The Effect of Sole Design on Foot Stress Distribution to Runner

There is an increased stress on the metatarsal when running due to repeated loadings that cause ankle injury. The solid foam structure of the sole may not provide optimum strength and good absorption shock, as demonstrated by previous studies. So, this study aimed to design the shoe sole models of various patterns or topologies and compare the effects of shoe sole design on the foot stress distribution. This study was conducted using three different softwares which were 3-Matic, Solidworks and ANSYS. Three different topologies of sole including circular, elliptical and hexagonal patterns were designed using Solidworks software. A 23 years old female foot with 45 kg weight and 25 cm foot length was scanned using three-dimensional (3D) scanner and modified using 3 Matic software.

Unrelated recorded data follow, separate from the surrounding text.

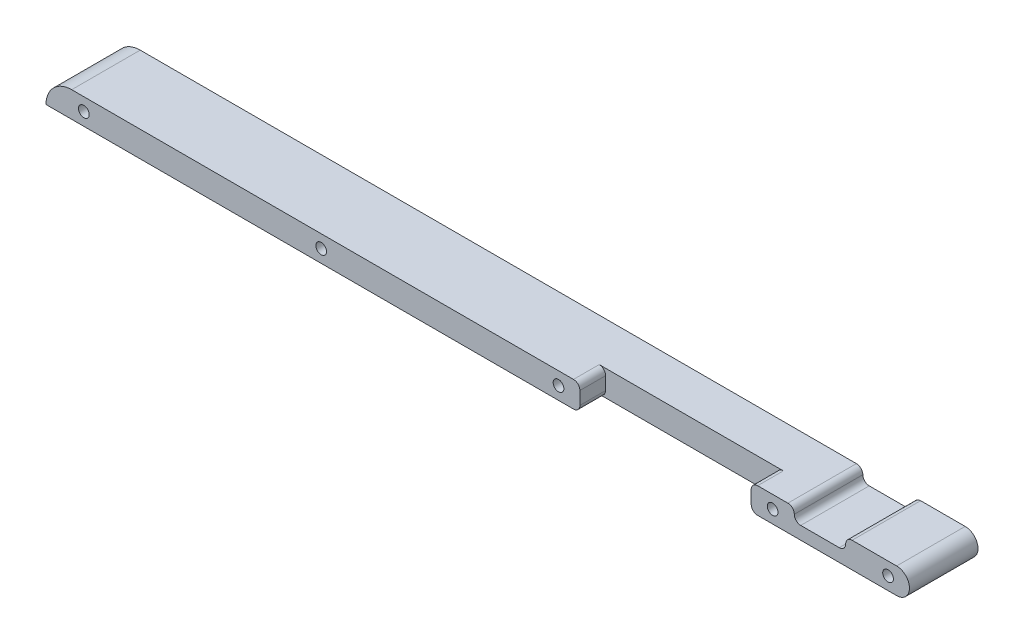
ISO-10303-21;
HEADER;
FILE_DESCRIPTION(('STEP AP214'),'2;1');
FILE_NAME('part.step','',(''),(''),'','','');
FILE_SCHEMA(('AUTOMOTIVE_DESIGN { 1 0 10303 214 1 1 1 1 }'));
ENDSEC;
DATA;
#1=APPLICATION_CONTEXT('core data for automotive mechanical design processes');
#2=APPLICATION_PROTOCOL_DEFINITION('international standard','automotive_design',2000,#1);
#3=PRODUCT_CONTEXT('',#1,'mechanical');
#4=PRODUCT('Part','Part','',(#3));
#5=PRODUCT_RELATED_PRODUCT_CATEGORY('part','',(#4));
#6=PRODUCT_DEFINITION_FORMATION('','',#4);
#7=PRODUCT_DEFINITION_CONTEXT('part definition',#1,'design');
#8=PRODUCT_DEFINITION('design','',#6,#7);
#9=PRODUCT_DEFINITION_SHAPE('','',#8);
#10=(LENGTH_UNIT() NAMED_UNIT(*) SI_UNIT(.MILLI.,.METRE.));
#11=(NAMED_UNIT(*) PLANE_ANGLE_UNIT() SI_UNIT($,.RADIAN.));
#12=(NAMED_UNIT(*) SI_UNIT($,.STERADIAN.) SOLID_ANGLE_UNIT());
#13=UNCERTAINTY_MEASURE_WITH_UNIT(LENGTH_MEASURE(1.E-05),#10,'distance_accuracy_value','');
#14=(GEOMETRIC_REPRESENTATION_CONTEXT(3) GLOBAL_UNCERTAINTY_ASSIGNED_CONTEXT((#13)) GLOBAL_UNIT_ASSIGNED_CONTEXT((#10,
#11,#12)) REPRESENTATION_CONTEXT('',''));
#15=CARTESIAN_POINT('',(0.,0.,0.));
#16=DIRECTION('',(0.,0.,1.));
#17=DIRECTION('',(1.,0.,0.));
#18=AXIS2_PLACEMENT_3D('',#15,#16,#17);
#19=CARTESIAN_POINT('',(99.3199999999999,1.50000000000007,8.));
#20=DIRECTION('',(0.,0.,-1.));
#21=DIRECTION('',(-1.,0.,0.));
#22=AXIS2_PLACEMENT_3D('',#19,#20,#21);
#23=CYLINDRICAL_SURFACE('',#22,1.50000000000007);
#24=DIRECTION('',(0.,0.,-1.));
#25=VECTOR('',#24,1.);
#26=CARTESIAN_POINT('',(99.3199999999999,3.00000000000014,8.));
#27=LINE('',#26,#25);
#28=CARTESIAN_POINT('',(99.3199999999999,3.00000000000014,8.));
#29=VERTEX_POINT('',#28);
#30=CARTESIAN_POINT('',(99.3199999999999,3.00000000000014,0.));
#31=VERTEX_POINT('',#30);
#32=EDGE_CURVE('E197',#29,#31,#27,.T.);
#33=ORIENTED_EDGE('',*,*,#32,.F.);
#34=CARTESIAN_POINT('',(99.3199999999999,1.50000000000007,8.));
#35=DIRECTION('',(0.,0.,1.));
#36=DIRECTION('',(1.,0.,0.));
#37=AXIS2_PLACEMENT_3D('',#34,#35,#36);
#38=CIRCLE('',#37,1.50000000000007);
#39=CARTESIAN_POINT('',(99.3199999999999,0.,8.));
#40=VERTEX_POINT('',#39);
#41=EDGE_CURVE('E212',#40,#29,#38,.T.);
#42=ORIENTED_EDGE('',*,*,#41,.F.);
#43=DIRECTION('',(0.,0.,-1.));
#44=VECTOR('',#43,1.);
#45=CARTESIAN_POINT('',(99.3199999999999,0.,8.));
#46=LINE('',#45,#44);
#47=CARTESIAN_POINT('',(99.3199999999999,0.,0.));
#48=VERTEX_POINT('',#47);
#49=EDGE_CURVE('E203',#48,#40,#46,.F.);
#50=ORIENTED_EDGE('',*,*,#49,.F.);
#51=CARTESIAN_POINT('',(99.3199999999999,1.50000000000007,0.));
#52=DIRECTION('',(0.,0.,1.));
#53=DIRECTION('',(1.,0.,0.));
#54=AXIS2_PLACEMENT_3D('',#51,#52,#53);
#55=CIRCLE('',#54,1.50000000000007);
#56=EDGE_CURVE('E215',#31,#48,#55,.F.);
#57=ORIENTED_EDGE('',*,*,#56,.F.);
#58=EDGE_LOOP('',(#33,#42,#50,#57));
#59=FACE_BOUND('',#58,.T.);
#60=ADVANCED_FACE('F43',(#59),#23,.T.);
#61=CARTESIAN_POINT('',(100.82,3.00000000000014,8.));
#62=DIRECTION('',(0.,-1.,0.));
#63=DIRECTION('',(1.,0.,0.));
#64=AXIS2_PLACEMENT_3D('',#61,#62,#63);
#65=PLANE('',#64);
#66=DIRECTION('',(-1.,0.,0.));
#67=VECTOR('',#66,1.);
#68=CARTESIAN_POINT('',(100.82,3.00000000000014,8.));
#69=LINE('',#68,#67);
#70=CARTESIAN_POINT('',(86.62,3.00000000000014,8.));
#71=VERTEX_POINT('',#70);
#72=CARTESIAN_POINT('',(83.09,3.00000000000014,8.));
#73=VERTEX_POINT('',#72);
#74=EDGE_CURVE('E331',#71,#73,#69,.T.);
#75=ORIENTED_EDGE('',*,*,#74,.F.);
#76=DIRECTION('',(0.,0.,1.));
#77=VECTOR('',#76,1.);
#78=CARTESIAN_POINT('',(86.62,3.00000000000014,8.));
#79=LINE('',#78,#77);
#80=CARTESIAN_POINT('',(86.62,3.00000000000014,0.));
#81=VERTEX_POINT('',#80);
#82=EDGE_CURVE('E279',#71,#81,#79,.F.);
#83=ORIENTED_EDGE('',*,*,#82,.T.);
#84=DIRECTION('',(-1.,0.,0.));
#85=VECTOR('',#84,1.);
#86=CARTESIAN_POINT('',(100.82,3.00000000000014,0.));
#87=LINE('',#86,#85);
#88=CARTESIAN_POINT('',(3.,3.00000000000013,0.));
#89=VERTEX_POINT('',#88);
#90=EDGE_CURVE('E346',#81,#89,#87,.T.);
#91=ORIENTED_EDGE('',*,*,#90,.T.);
#92=DIRECTION('',(0.,0.,-1.));
#93=VECTOR('',#92,1.);
#94=CARTESIAN_POINT('',(3.,3.00000000000013,8.));
#95=LINE('',#94,#93);
#96=CARTESIAN_POINT('',(3.,3.00000000000013,8.));
#97=VERTEX_POINT('',#96);
#98=EDGE_CURVE('E198',#97,#89,#95,.T.);
#99=ORIENTED_EDGE('',*,*,#98,.F.);
#100=CARTESIAN_POINT('',(61.59,3.00000000000014,8.));
#101=VERTEX_POINT('',#100);
#102=EDGE_CURVE('E180',#101,#97,#69,.T.);
#103=ORIENTED_EDGE('',*,*,#102,.F.);
#104=DIRECTION('',(0.,0.,1.));
#105=VECTOR('',#104,1.);
#106=CARTESIAN_POINT('',(61.59,3.00000000000014,8.));
#107=LINE('',#106,#105);
#108=CARTESIAN_POINT('',(61.59,3.00000000000015,5.));
#109=VERTEX_POINT('',#108);
#110=EDGE_CURVE('E273',#101,#109,#107,.F.);
#111=ORIENTED_EDGE('',*,*,#110,.T.);
#112=DIRECTION('',(-1.,0.,0.));
#113=VECTOR('',#112,1.);
#114=CARTESIAN_POINT('',(62.34,3.00000000000015,5.));
#115=LINE('',#114,#113);
#116=CARTESIAN_POINT('',(83.09,3.00000000000015,5.));
#117=VERTEX_POINT('',#116);
#118=EDGE_CURVE('E61',#117,#109,#115,.T.);
#119=ORIENTED_EDGE('',*,*,#118,.F.);
#120=DIRECTION('',(0.,0.,1.));
#121=VECTOR('',#120,1.);
#122=CARTESIAN_POINT('',(83.09,3.00000000000014,8.));
#123=LINE('',#122,#121);
#124=EDGE_CURVE('E276',#117,#73,#123,.T.);
#125=ORIENTED_EDGE('',*,*,#124,.T.);
#126=EDGE_LOOP('',(#75,#83,#91,#99,#103,#111,#119,#125));
#127=FACE_BOUND('',#126,.T.);
#128=ADVANCED_FACE('F333',(#127),#65,.F.);
#129=CARTESIAN_POINT('',(3.,1.32272665043232E-13,8.));
#130=DIRECTION('',(0.,0.,1.));
#131=DIRECTION('',(1.,0.,0.));
#132=AXIS2_PLACEMENT_3D('',#129,#130,#131);
#133=PLANE('',#132);
#134=CARTESIAN_POINT('',(4.42,1.50000000000007,8.));
#135=DIRECTION('',(0.,0.,1.));
#136=DIRECTION('',(1.,0.,0.));
#137=AXIS2_PLACEMENT_3D('',#134,#135,#136);
#138=CIRCLE('',#137,0.624999999999999);
#139=CARTESIAN_POINT('',(5.045,1.50000000000007,8.));
#140=VERTEX_POINT('',#139);
#141=EDGE_CURVE('E435',#140,#140,#138,.T.);
#142=ORIENTED_EDGE('',*,*,#141,.F.);
#143=EDGE_LOOP('',(#142));
#144=FACE_BOUND('',#143,.T.);
#145=CARTESIAN_POINT('',(59.84,1.50000000000007,8.));
#146=DIRECTION('',(0.,0.,1.));
#147=DIRECTION('',(1.,0.,0.));
#148=AXIS2_PLACEMENT_3D('',#145,#146,#147);
#149=CIRCLE('',#148,0.625000000000001);
#150=CARTESIAN_POINT('',(60.465,1.50000000000007,8.));
#151=VERTEX_POINT('',#150);
#152=EDGE_CURVE('E427',#151,#151,#149,.T.);
#153=ORIENTED_EDGE('',*,*,#152,.F.);
#154=EDGE_LOOP('',(#153));
#155=FACE_BOUND('',#154,.T.);
#156=CARTESIAN_POINT('',(32.13,1.50000000000007,8.));
#157=DIRECTION('',(0.,0.,1.));
#158=DIRECTION('',(1.,0.,0.));
#159=AXIS2_PLACEMENT_3D('',#156,#157,#158);
#160=CIRCLE('',#159,0.625000000000001);
#161=CARTESIAN_POINT('',(32.755,1.50000000000007,8.));
#162=VERTEX_POINT('',#161);
#163=EDGE_CURVE('E403',#162,#162,#160,.T.);
#164=ORIENTED_EDGE('',*,*,#163,.F.);
#165=EDGE_LOOP('',(#164));
#166=FACE_BOUND('',#165,.T.);
#167=DIRECTION('',(1.,0.,0.));
#168=VECTOR('',#167,1.);
#169=CARTESIAN_POINT('',(0.,0.,8.));
#170=LINE('',#169,#168);
#171=CARTESIAN_POINT('',(0.,0.,8.));
#172=VERTEX_POINT('',#171);
#173=CARTESIAN_POINT('',(61.59,0.,8.));
#174=VERTEX_POINT('',#173);
#175=EDGE_CURVE('E169',#172,#174,#170,.T.);
#176=ORIENTED_EDGE('',*,*,#175,.T.);
#177=CARTESIAN_POINT('',(61.59,0.75,8.));
#178=DIRECTION('',(0.,0.,1.));
#179=DIRECTION('',(1.,0.,0.));
#180=AXIS2_PLACEMENT_3D('',#177,#178,#179);
#181=CIRCLE('',#180,0.75);
#182=CARTESIAN_POINT('',(62.34,0.75,8.));
#183=VERTEX_POINT('',#182);
#184=EDGE_CURVE('E227',#174,#183,#181,.T.);
#185=ORIENTED_EDGE('',*,*,#184,.T.);
#186=DIRECTION('',(0.,-1.,0.));
#187=VECTOR('',#186,1.);
#188=CARTESIAN_POINT('',(62.34,3.00000000000015,8.));
#189=LINE('',#188,#187);
#190=CARTESIAN_POINT('',(62.34,2.25000000000014,8.));
#191=VERTEX_POINT('',#190);
#192=EDGE_CURVE('E389',#191,#183,#189,.T.);
#193=ORIENTED_EDGE('',*,*,#192,.F.);
#194=CARTESIAN_POINT('',(61.59,2.25000000000014,8.));
#195=DIRECTION('',(0.,0.,1.));
#196=DIRECTION('',(1.,0.,0.));
#197=AXIS2_PLACEMENT_3D('',#194,#195,#196);
#198=CIRCLE('',#197,0.75);
#199=EDGE_CURVE('E224',#191,#101,#198,.T.);
#200=ORIENTED_EDGE('',*,*,#199,.T.);
#201=ORIENTED_EDGE('',*,*,#102,.T.);
#202=CARTESIAN_POINT('',(3.,1.32272665043232E-13,8.));
#203=DIRECTION('',(0.,0.,1.));
#204=DIRECTION('',(1.,0.,0.));
#205=AXIS2_PLACEMENT_3D('',#202,#203,#204);
#206=CIRCLE('',#205,3.);
#207=EDGE_CURVE('E184',#97,#172,#206,.T.);
#208=ORIENTED_EDGE('',*,*,#207,.T.);
#209=EDGE_LOOP('',(#176,#185,#193,#200,#201,#208));
#210=FACE_BOUND('',#209,.T.);
#211=ADVANCED_FACE('F185',(#144,#155,#166,#210),#133,.T.);
#212=CARTESIAN_POINT('',(3.,1.32272665043232E-13,8.));
#213=DIRECTION('',(0.,0.,-1.));
#214=DIRECTION('',(-1.,0.,0.));
#215=AXIS2_PLACEMENT_3D('',#212,#213,#214);
#216=CYLINDRICAL_SURFACE('',#215,3.);
#217=CARTESIAN_POINT('',(3.,1.32272665043232E-13,0.));
#218=DIRECTION('',(0.,0.,1.));
#219=DIRECTION('',(1.,0.,0.));
#220=AXIS2_PLACEMENT_3D('',#217,#218,#219);
#221=CIRCLE('',#220,3.);
#222=CARTESIAN_POINT('',(0.,0.,0.));
#223=VERTEX_POINT('',#222);
#224=EDGE_CURVE('E195',#89,#223,#221,.T.);
#225=ORIENTED_EDGE('',*,*,#224,.T.);
#226=DIRECTION('',(0.,0.,-1.));
#227=VECTOR('',#226,1.);
#228=CARTESIAN_POINT('',(0.,0.,8.));
#229=LINE('',#228,#227);
#230=EDGE_CURVE('E174',#172,#223,#229,.T.);
#231=ORIENTED_EDGE('',*,*,#230,.F.);
#232=ORIENTED_EDGE('',*,*,#207,.F.);
#233=ORIENTED_EDGE('',*,*,#98,.T.);
#234=EDGE_LOOP('',(#225,#231,#232,#233));
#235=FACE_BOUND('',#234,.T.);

Foot-sole simulation was carried out in finite element analysis (FEA) platform called ANSYS, considering the nonlinearity and viscoelastic properties of the sole material to reflect the stress distribution on the foot plantar that in contact with three different midsoles of various topologies. The result showed the hexagonal sole pattern has the lowest stress with a maximum of 0.1 MPa. It has the potential to enhance the area of contact between the foot and the sole. The stresses on the foot were more uniformly distributed. The highest stress was found on the elliptical design with 0.19 MPa because the struts will buckle as the compression load changes dramatically thus, it cannot avoid concentrating the stress on the foot. Meanwhile, the circular pattern has a maximum of 0.12 MPa. The increased stress caused by repeated external impact loads when running will cause ankle injury. Therefore, the hexagonal sole design is the most comfortable that will help to reduce ankle injuries. Lastly, more subjects should be involved in the future for the FEA to achieve a solid conclusion.